WORK INSTRUCTIONS: The answer must be a bare number: the count of lines below that contain "revolve".

SUPPLIED DATA:
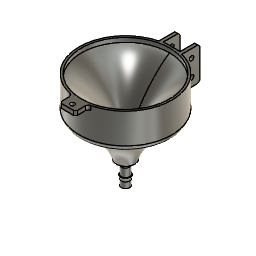
Holder_thing v13 (Autodesk Fusion 360 design; units mm, degrees)
Autodesk Fusion 360 part; units mm, degrees
note: some values were not read from the file. Chosen so that the rebuilt part matches the saved one: which face or edge a step refers to. Set by a fixed rule: which sketch regions a step uses.
sketch "Sketch1" plane through (0, 0, 0) normal (1, 0, 0) x (0, 1, 0)
  line L0 (0, 0) -> (0, 97.4344) construction
  line L1 (55.54, 97.4344) -> (55.54, 8.5344)
  line L2 (55.54, 8.5344) -> (6.909, 8.5344)
  line L3 (6.909, 8.5344) -> (6.909, 5.9944) construction
  line L4 (6.909, 5.9944) -> (9.449, 5.9944) construction
  line L5 (9.449, 5.9944) -> (9.449, 0) construction
  line L6 (9.449, 0) -> (4.75, 0) construction
  line L7 (4.75, 0) -> (4.75, 10.16) construction
  line L8 (4.75, 10.16) -> (3.5, 10.16) construction
  line L9 (3.5, 10.16) -> (3.5, 13.6144)
  line L10 (55.54, 97.4344) -> (53, 97.4344)
  spline S0 degree 5 poles (3.5, 13.6144) (3.5, 17.7131) (4.2042, 25.8255) (7.3712, 37.7389) (15.1289, 53.0255) (28.0111, 70.3516) (38.797, 81.6923) (46.2562, 88.013) (50.8203, 91.0959) (53, 92.3544) knots 0 0 0 0 0 0 0.2 0.4 0.6 0.8 1 1 1 1 1 1
  line L11 (47.5007, 89.1794) -> (58.4993, 95.5294)
  line L12 (3.5, 3.4544) -> (3.5, 23.7744)
  line L13 (55.54, 57.4344) -> (11.09, 8.5344) construction
  line L14 (53, 97.4344) -> (53, 92.3544)
  spline S1 degree 5 poles (11.09, 8.5344) (11.6891, 11.0199) (13.2478, 15.9064) (16.6662, 22.9835) (23.073, 31.9259) (33.0375, 42.147) (41.8287, 49.2525) (48.6266, 53.726) (53.2246, 56.2712) (55.54, 57.4344) knots 0 0 0 0 0 0 0.2 0.4 0.6 0.8 1 1 1 1 1 1
  line L15 (48.8884, 54.0928) -> (62.1916, 60.776)
  line L16 (9.4145, 1.5836) -> (12.7655, 15.4852)
  line L17 (3.5, 10.16) -> (3.5, -18.8956)
  line L18 (3.5, -18.8956) -> (5, -18.8956)
  line L19 (5.9, -7.4656) -> (5, -7.4656)
  line L20 (5, -7.4656) -> (5, 8.5344)
  line L21 (5, 8.5344) -> (6.909, 8.5344)
  line L22 (5, -18.8956) -> (5, -12.0376)
  line L23 (5, -12.0376) -> (5.9, -7.4656)
  point P0 (53, 97.4344)
  point P1 (55.54, 57.4344)
  dimension "d19" = 2.54
  dimension "d20" = 53
  dimension "d22" = 5.08
  dimension "d23" = 4.699
  dimension "d24" = 4.75
  dimension "d25" = 3.5
  dimension "d26" = 10.16
  dimension "d27" = 2.54
  dimension "d29" = 2.54
  dimension "d63" = 5.9944
  dimension "d92" = 88.9
  dimension "d96" = 30
  dimension "d98" = 20.32
  dimension "d99" = 12.7
  dimension "d101" = 40
  dimension "d106" = 44.45
  dimension "d112" = 5.08
  dimension "d130" = 1.5
  dimension "d131" = 2.4
  dimension "d132" = 16
  dimension "d133" = 1.5
  dimension "d134" = 11.43
  dimension "d135" = 6.858
  constraint coincident L0.start origin
  constraint vertical L0
  constraint parallel L0 L1
  constraint perpendicular L1 L2
  constraint perpendicular L2 L3
  constraint perpendicular L3 L4
  constraint perpendicular L2 L5
  constraint perpendicular L5 L6
  constraint perpendicular L6 L7
  constraint perpendicular L7 L8
  constraint perpendicular L6 L9
  constraint horizontal L1.start P0
  constraint horizontal L0.end P0
  constraint horizontal L0.start L6.end
  constraint midpoint S0.end L11
  constraint midpoint L9.end L12
  constraint vertical L12
  constraint coincident L1 P1
  constraint coincident P1 L13.start
  constraint coincident L2 L13.end
  constraint horizontal L10
  constraint vertical L14
  constraint midpoint P1 L15
  constraint midpoint L13.end L16
  constraint coincident P0 L10.end
  constraint perpendicular L8 L17
  constraint perpendicular L12 L18
  constraint perpendicular L2 L20
  constraint perpendicular L3 L21
  constraint horizontal L19
  constraint vertical L22
  measures "d19" distance of L1.start P0
  measures "d20" horizontal distance of L0.end P0
  measures "d22" vertical distance of L2.end L9.end
  measures "d23" distance of L5.end L6.end
  measures "d24" distance of L0.start L6.end
  measures "d25" horizontal distance of L0.start L8.end
  measures "d26" distance of L6.end L7.end
  measures "d27" horizontal distance of L2.end L4.end
  measures "d29" distance of L2.end L3.end
  measures "d63" distance of L4.end L5.end
  measures "d92" distance of L1.start L1.end
  measures "d96" angle of L2 L11
  measures "d98" distance of L12.start L12.end
  measures "d99" distance of L11.start L11.end
  measures "d101" distance of L1.start P1
  measures "d106" distance of L1.end L13.end
  measures "d112" distance of S0.end P0
  measures "d130" distance of L17.end L18.end
  measures "d131" distance of L17 L19.start
  measures "d132" distance of L19.end L20.end
  measures "d133" distance of L17 L20
  measures "d134" vertical distance of L18.end L19.start
  measures "d135" distance of L18.end L22.end
revolve "Revolve1" add sketch "Sketch1" angle 360 about axis through (0, 0, 0) along (0, 0, 1) contours L1 L2 L9 S0 L11 L12 S1 L17 L18 L19 L20 L21 L22 L23 | L1 L10 L11 L14
sketch "Sketch2" plane through (0, 0, 0) normal (0, 1, 0) x (1, 0, 0)
ref_plane "WorkPlane1" through (0, 55.54, 75.6249) normal (0, 1, 0) x (-1, 0, 0)
sketch "Sketch3" plane through (0, 55.54, 0) normal (0, 1, 0) x (1, 0, 0)
  line L0 (55.54, -97.4344) -> (-55.54, -97.4344)
  line L1 (13.81, -97.4344) -> (10, -97.4344)
  line L2 (10, -97.4344) -> (10, -57.4344)
  line L3 (10, -57.4344) -> (13.81, -57.4344)
  line L4 (13.81, -57.4344) -> (13.81, -97.4344)
  line L5 (-10, -97.4344) -> (-13.81, -97.4344)
  line L6 (-13.81, -97.4344) -> (-13.81, -57.4344)
  line L7 (-13.81, -57.4344) -> (-10, -57.4344)
  line L8 (-10, -57.4344) -> (-10, -97.4344)
  line L9 (10, -97.4344) -> (-10, -97.4344)
  dimension "d33" = 3.81
  dimension "d34" = 3.81
  dimension "d35" = 20
  dimension "d93" = 40
  constraint horizontal L1
  constraint vertical L2
  constraint horizontal L3
  constraint vertical L4
  constraint coincident L0 L1.start
  constraint horizontal L5
  constraint vertical L6
  constraint horizontal L7
  constraint vertical L8
  constraint coincident L0 L5.start
  constraint midpoint L0 L9
  constraint horizontal L2.end L7.end
  constraint coincident L6.end L7.start
  measures "d33" distance of L1.start L1.end
  measures "d34" distance of L5.start L5.end
  measures "d35" distance of L1.end L5.start
  measures "d93" distance of L5.end L6.end
extrude "Extrude2" add sketch "Sketch3" along normal blind 20 and the other way up to surface second end surface at (2.7684, 55.471, 96.2299)
sketch "Sketch4" plane through (0, 0, 97.4344) normal (0, 0, 1) x (-1, 0, 0)
  arc A0 (-10, -54.6323) -> (10, -54.6323) centre (0, 0) ccw
  line L0 (-10, -55.54) -> (10, -55.54)
  line L1 (-10, -54.6323) -> (-10, -75.54)
  line L2 (10, -54.6323) -> (10, -75.54)
extrude "Extrude3" add sketch "Sketch4" against normal blind 40
ref_plane "WorkPlane2" through (0, 65.0862, 77.4344) normal (1, 0, 0) x (0, 0, -1)
sketch "Sketch6" plane through (-13.81, 0, 0) normal (-1, 0, 0) x (0, -1, 0)
  line L0 (-75.54, 97.4344) -> (-75.54, 57.4344)
  line L1 (-53.7957, 97.4344) -> (-75.54, 97.4344)
  line L2 (-65.54, 97.4344) -> (-65.54, 87.4344)
  line L3 (-65.54, 87.4344) -> (-65.54, 67.4344)
  line L4 (-65.54, 67.4344) -> (-65.54, 57.4344)
  line L5 (-75.54, 87.4344) -> (-65.54, 87.4344) construction
  line L6 (-65.54, 87.4344) -> (-55.54, 87.4344) construction
  line L7 (-55.54, 97.4344) -> (-55.54, 57.4344)
  line L8 (-53.7957, 57.4344) -> (-75.54, 57.4344)
  point P0 (-55.54, 97.4344)
  dimension "d59" = 10
  dimension "d109" = 10
  constraint coincident L1 L2.start
  constraint perpendicular L1 L2
  constraint perpendicular L1 L3
  constraint coincident L0 L5.start
  constraint coincident L3 L2.end
  constraint perpendicular L3 L6
  constraint collinear L5 L6
  constraint equal L5 L6
  constraint coincident L6.end L7
  constraint collinear L3 L4
  constraint coincident L2.end L3.start
  constraint coincident L4.end L8
  measures "d59" distance of L2.start L2.end
  measures "d109" distance of L3.end L4.end
hole "Hole1" at (-13.81, 65.54, 87.4344) at (-13.81, 65.54, 67.4344) direction (1, 0, 0) diameter 5.5118 depth 30.48 tip angle 118
ref_plane "WorkPlane3" through (0, -9.449, 2.8733) normal (0, -1, 0) x (1, 0, 0)
sketch "Sketch7" plane through (0, -9.449, 0) normal (0, -1, 0) x (-1, 0, 0)
  line L0 (0, 0) -> (0.8, 0)
  line L1 (0.8, 0) -> (0.8, -7.62)
  line L2 (0.8, -7.62) -> (-0.8, -7.62)
  line L3 (-0.8, -7.62) -> (-0.8, 0)
  line L4 (-0.8, 0) -> (0, 0)
  dimension "d66" = 7.62
  dimension "d67" = 1.6
  constraint coincident L0.start L4.end
  constraint horizontal L0
  constraint perpendicular L0 L1
  constraint perpendicular L1 L2
  constraint perpendicular L2 L3
  constraint perpendicular L1 L4
  constraint equal L0 L4
  measures "d66" distance of L2.end L3.end
  measures "d67" distance of L0.end L3.end
extrude "Extrude5" [suppressed]
fillet "Fillet3" [suppressed]
sketch "Sketch8" plane through (0.8, 0, 0) normal (-1, 0, 0) x (0, -1, 0)
  line L0 (9.4151, 0) -> (4.6821, 0) construction
  line L1 (4.6821, 0) -> (4.6821, 5.9944) construction
  line L2 (4.6821, 5.9944) -> (9.4151, 5.9944) construction
  line L3 (9.4151, 5.9944) -> (9.4151, 0) construction
  line L4 (4.6821, 5.9944) -> (9.4151, 0) construction
  line L5 (4.6821, 0) -> (9.4151, 5.9944) construction
  point P0 (9.4151, 5.9944)
  point P1 (9.4151, 0)
  point P2 (4.6821, 0)
  point P3 (7.0486, 2.9972)
  constraint horizontal L0
  constraint vertical L1
  constraint horizontal L2
  constraint vertical L3
  constraint coincident P1 L0.start
  constraint coincident P0 L2.end
  constraint coincident P2 L0.end
  constraint midpoint L4 P3
hole "Hole2" [suppressed]
ref_plane "WorkPlane4" through (9.449, 0, 2.266) normal (1, 0, 0) x (0, 1, 0)
sketch "Sketch9" plane through (9.449, 0, 0) normal (1, 0, 0) x (0, 1, 0)
  circle A0 centre (-7.0486, 2.9972) radius 1.1938
  circle A1 centre (-7.0486, 2.9972) radius 2.2
  dimension "d76" = 4.4
  constraint concentric A0 A1
  measures "d76" diameter of A1
extrude "Extrude6" [suppressed]
hole "Hole3" [suppressed]
fillet "Fillet4" [suppressed]
fillet "Fillet5" [suppressed]
ref_plane "WorkPlane5" through (-9.449, 0, 3.1659) normal (-1, 0, 0) x (0, -1, 0)
sketch "Sketch10" plane through (-9.449, 0, 0) normal (-1, 0, 0) x (0, -1, 0)
  circle A0 centre (7.0486, 2.9972) radius 1.1938 construction
  line L0 (9.0986, 4.1808) -> (7.0486, 5.3643)
  line L1 (7.0486, 5.3643) -> (4.9986, 4.1808)
  line L2 (4.9986, 4.1808) -> (4.9986, 1.8136)
  line L3 (4.9986, 1.8136) -> (7.0486, 0.6301)
  line L4 (7.0486, 0.6301) -> (9.0986, 1.8136)
  line L5 (9.0986, 1.8136) -> (9.0986, 4.1808)
  point P0 (7.0486, 2.9972)
  dimension "d87" = 4.1
  constraint coincident P0 A0.centre
  constraint vertical L0.end P0
  measures "d87" distance of L2 L5
chamfer "Chamfer3" distance 2.54 angle 45 4 edges at (-11.905, 75.54, 97.4344) (-11.905, 75.54, 57.4344) (11.905, 75.54, 57.4344) (11.905, 75.54, 97.4344)
extrude "Extrude7" [suppressed]
sketch "Sketch11" plane through (0, 0, 97.4344) normal (0, 0, 1) x (-1, 0, 0)
  arc A0 (13.81, -53.7957) -> (-13.81, -53.7957) centre (0, 0) ccw
  line L0 (9.525, 54.7171) -> (9.525, 69.7171)
  line L1 (9.525, 69.7171) -> (-9.525, 69.7171)
  line L2 (-9.525, 69.7171) -> (-9.525, 54.7171)
  line L3 (0, 69.7171) -> (0, 0)
  point P0 (0, 63.7171)
  dimension "d113" = 19.05
  dimension "d114" = 15
  dimension "d122" = 6
  constraint coincident A0 L0.start
  constraint vertical L0
  constraint perpendicular L0 L1
  constraint coincident A0 L2.end
  constraint perpendicular L1 L2
  constraint midpoint L1 L3.start
  constraint coincident A0.centre L3.end
  constraint vertical L3
  constraint coincident L3 P0
  measures "d113" distance of L0.end L1.end
  measures "d114" distance of L1.end L2.end
  measures "d122" distance of L1 P0
extrude "Extrude8" add sketch "Sketch11" against normal blind 5.08
chamfer "Chamfer5" distance 2.54 angle 45 2 edges at (-9.525, -69.7171, 94.8944) (9.525, -69.7171, 94.8944)
fillet "Fillet8" radius 3.81 2 edges at (-9.525, -54.7171, 94.8944) (9.525, -54.7171, 94.8944)
hole "Hole4" at (0, -63.7171, 97.4344) direction (0, 0, -1) diameter 5.5118 depth 12.7 tip angle 118
fillet "Fillet9" radius 6.35 1 edges at (0, -55.54, 57.4344)
chamfer "Chamfer6" distance 6.09 angle 45 1 edges at (-4.6616, 1.8081, 8.5344)
ref_plane "WorkPlane6" through (-55.54, 0, 75.3331) normal (-1, 0, 0) x (0, -1, 0)
sketch "Sketch13" plane through (-55.54, 0, 0) normal (-1, 0, 0) x (0, -1, 0)
  line L0 (-53.7957, 61.2503) -> (55.54, 61.2503)
  line L1 (-53.7957, 61.2503) -> (-53.7957, 97.4344)
  line L2 (-53.7957, 97.4344) -> (54.1199, 97.4344)
  line L3 (54.1199, 97.4344) -> (54.1199, 92.3544)
  line L4 (54.1199, 92.3544) -> (55.54, 92.3544)
  line L5 (54.1199, 92.3544) -> (54.1199, 97.4344)
  line L6 (-53.7957, 97.4344) -> (54.1199, 97.4344)
  line L7 (-53.7957, 97.4344) -> (-53.7957, 61.2503)
  line L8 (0, 97.4344) -> (0, 69.4944)
  line L9 (0, 69.4944) -> (0, 61.2503)
  point P0 (0, 97.4344)
  point P1 (0, 69.4944)
  dimension "d138" = 27.94
  constraint coincident P0 L8.start
  constraint perpendicular L2 L8
  constraint coincident L0 L9.end
  constraint perpendicular L0 L9
  constraint coincident P1 L8.end
  measures "d138" distance of P0 P1
sketch "Sketch14" plane through (0, 0, 0) normal (0, 1, 0) x (1, 0, 0)
  spline S0 degree 3 poles (-55.54, -65.9944) (-55.54, -65.9944) (-55.5342, -66.0823) (-55.5134, -66.4395) (-55.4987, -66.7088) (-55.471, -67.3302) (-55.4562, -67.7237) (-55.4354, -68.586) (-55.4296, -69.0548) (-55.4296, -69.934) (-55.4354, -70.4028) (-55.4562, -71.2651) (-55.471, -71.6586) (-55.4987, -72.28) (-55.5134, -72.5493) (-55.5342, -72.9065) (-55.54, -72.9944) (-55.54, -72.9944) knots 0.527511 0.527511 0.527511 0.527511 0.659389 0.659389 0.791267 0.791267 0.923145 0.923145 1.055023 1.055023 1.186901 1.186901 1.318778 1.318778 1.450656 1.450656 1.582534 1.582534 1.582534 1.582534
  spline S1 degree 3 poles (-55.54, -72.9944) (-55.54, -72.9944) (-55.5342, -72.9065) (-55.5134, -72.5493) (-55.4987, -72.28) (-55.471, -71.6586) (-55.4562, -71.2651) (-55.4354, -70.4028) (-55.4296, -69.934) (-55.4296, -69.4944) (-55.4296, -69.0548) (-55.4354, -68.586) (-55.4562, -67.7237) (-55.471, -67.3302) (-55.4987, -66.7088) (-55.5134, -66.4395) (-55.5342, -66.0823) (-55.54, -65.9944) (-55.54, -65.9944) knots 1.582534 1.582534 1.582534 1.582534 1.714412 1.714412 1.84629 1.84629 1.978167 1.978167 2.110045 2.110045 2.110045 2.241923 2.241923 2.373801 2.373801 2.505679 2.505679 2.637557 2.637557 2.637557 2.637557
  line L0 (-53, -74.4944) -> (-70.54, -74.4944) construction
  line L1 (-70.54, -74.4944) -> (-70.54, -75.3944) construction
  line L2 (-81.97, -74.4944) -> (-81.97, -72.9944) construction
  line L3 (-81.97, -72.9944) -> (-53, -72.9944) construction
  line L4 (-53, -72.9944) -> (-53, -74.4944) construction
  line L5 (-55.54, -72.9944) -> (-55.54, -69.4944) construction
  line L6 (-55.54, -69.4944) -> (-55.54, -65.9944) construction
  line L7 (-55.54, -69.4944) -> (-70.0195, -69.4944) construction
  line L8 (-70.54, -75.3944) -> (-75.112, -74.4944) construction
  line L9 (-75.112, -74.4944) -> (-81.97, -74.4944) construction
  line L10 (0, -97.4344) -> (0, -88.8544)
  line L11 (55.54, -76.1544) -> (70.0195, -76.1544) construction
  line L12 (53, -81.1544) -> (70.54, -81.1544)
  line L13 (70.54, -82.0544) -> (75.112, -81.1544)
  line L14 (81.97, -79.6544) -> (53, -79.6544)
  line L15 (53, -79.6544) -> (53, -81.1544)
  line L16 (55.54, -79.6544) -> (55.54, -65.8067) construction
  line L17 (70.54, -81.1544) -> (70.54, -82.0544)
  line L18 (55.54, -65.8067) -> (55.54, -76.1544) construction
  line L19 (81.97, -81.1544) -> (81.97, -79.6544)
  line L20 (75.112, -81.1544) -> (81.97, -81.1544)
  point P0 (-55.54, -69.4944)
  point P1 (0, -97.4344)
  point P2 (46.65, -76.1544)
  point P3 (55.54, -97.4344)
  dimension "d142" = 5
  dimension "d143" = 3.5
  dimension "d144" = 5.9
  dimension "d145" = 6.858
  dimension "d146" = 4.572
  dimension "d147" = 15
  dimension "d148" = 2.54
  dimension "d161" = 6.858
  dimension "d162" = 17.54
  dimension "d163" = 28.97
  dimension "d164" = 3.5
  dimension "d165" = 5
  dimension "d166" = 5
  dimension "d167" = 5.9
  dimension "d168" = 4.572
  dimension "d169" = 53
  dimension "d170" = 4.6597
  dimension "d172" = 8.89
  dimension "d173" = 12.7
  dimension "d174" = 17.78
  constraint horizontal L0
  constraint perpendicular L0 L1
  constraint parallel L1 L2
  constraint perpendicular L2 L3
  constraint vertical L4
  constraint coincident S0.end S1.start
  constraint coincident S0.start S1.end
  constraint equal L5 L6
  constraint collinear L5 L6
  constraint coincident P0 L5.end
  constraint perpendicular L6 L7
  constraint horizontal L9
  constraint collinear L0 L9
  constraint coincident P1 L10.start
  constraint vertical L10
  constraint vertical L18
  constraint perpendicular L14 L16
  constraint coincident L16.start L14
  constraint horizontal L20
  constraint horizontal L12
  constraint horizontal L14
  constraint vertical L17
  constraint vertical L19
  constraint coincident L11.start L18
  constraint horizontal P2 L11.start
  constraint vertical L16.start P3
  measures "d142" distance of L0 L7
  measures "d143" distance of L3 L7
  measures "d144" distance of L1.end L7
  measures "d145" distance of L2.start L8.end
  measures "d146" horizontal distance of L1.end L8.end
  measures "d147" distance of L0.end S0.end
  measures "d148" distance of L0.start S0.end
  measures "d161" distance of L19.start L13.end
  measures "d162" distance of L12.start L12.end
  measures "d163" distance of L14.end L14.start
  measures "d164" distance of L11 L14
  measures "d165" distance of L19.start L11
  measures "d166" vertical distance of P2 L12.start
  measures "d167" vertical distance of P2 L13.start
  measures "d168" horizontal distance of L13.end L13.start
  measures "d169" horizontal distance of L10.end L14.end
  measures "d170" distance of L13.end L13.start
  measures "d172" distance of P2 L11.start
  measures "d173" vertical distance of L10.end L11.start
  measures "d174" distance of L16.start P3
revolve "Revolve3" [suppressed]
sketch "Sketch15" plane through (81.97, 0, 0) normal (1, 0, 0) x (0, 1, 0)
  point P0 (0, 76.1544)
hole "Hole6" [suppressed]
fillet "Fillet12" [suppressed]
chamfer "Chamfer8" [suppressed]
equation "d131 = 11.8 mm / 2 - 3.5 mm"
equation "d144 = 11.8 mm / 2"

TASK RESPONSE: 2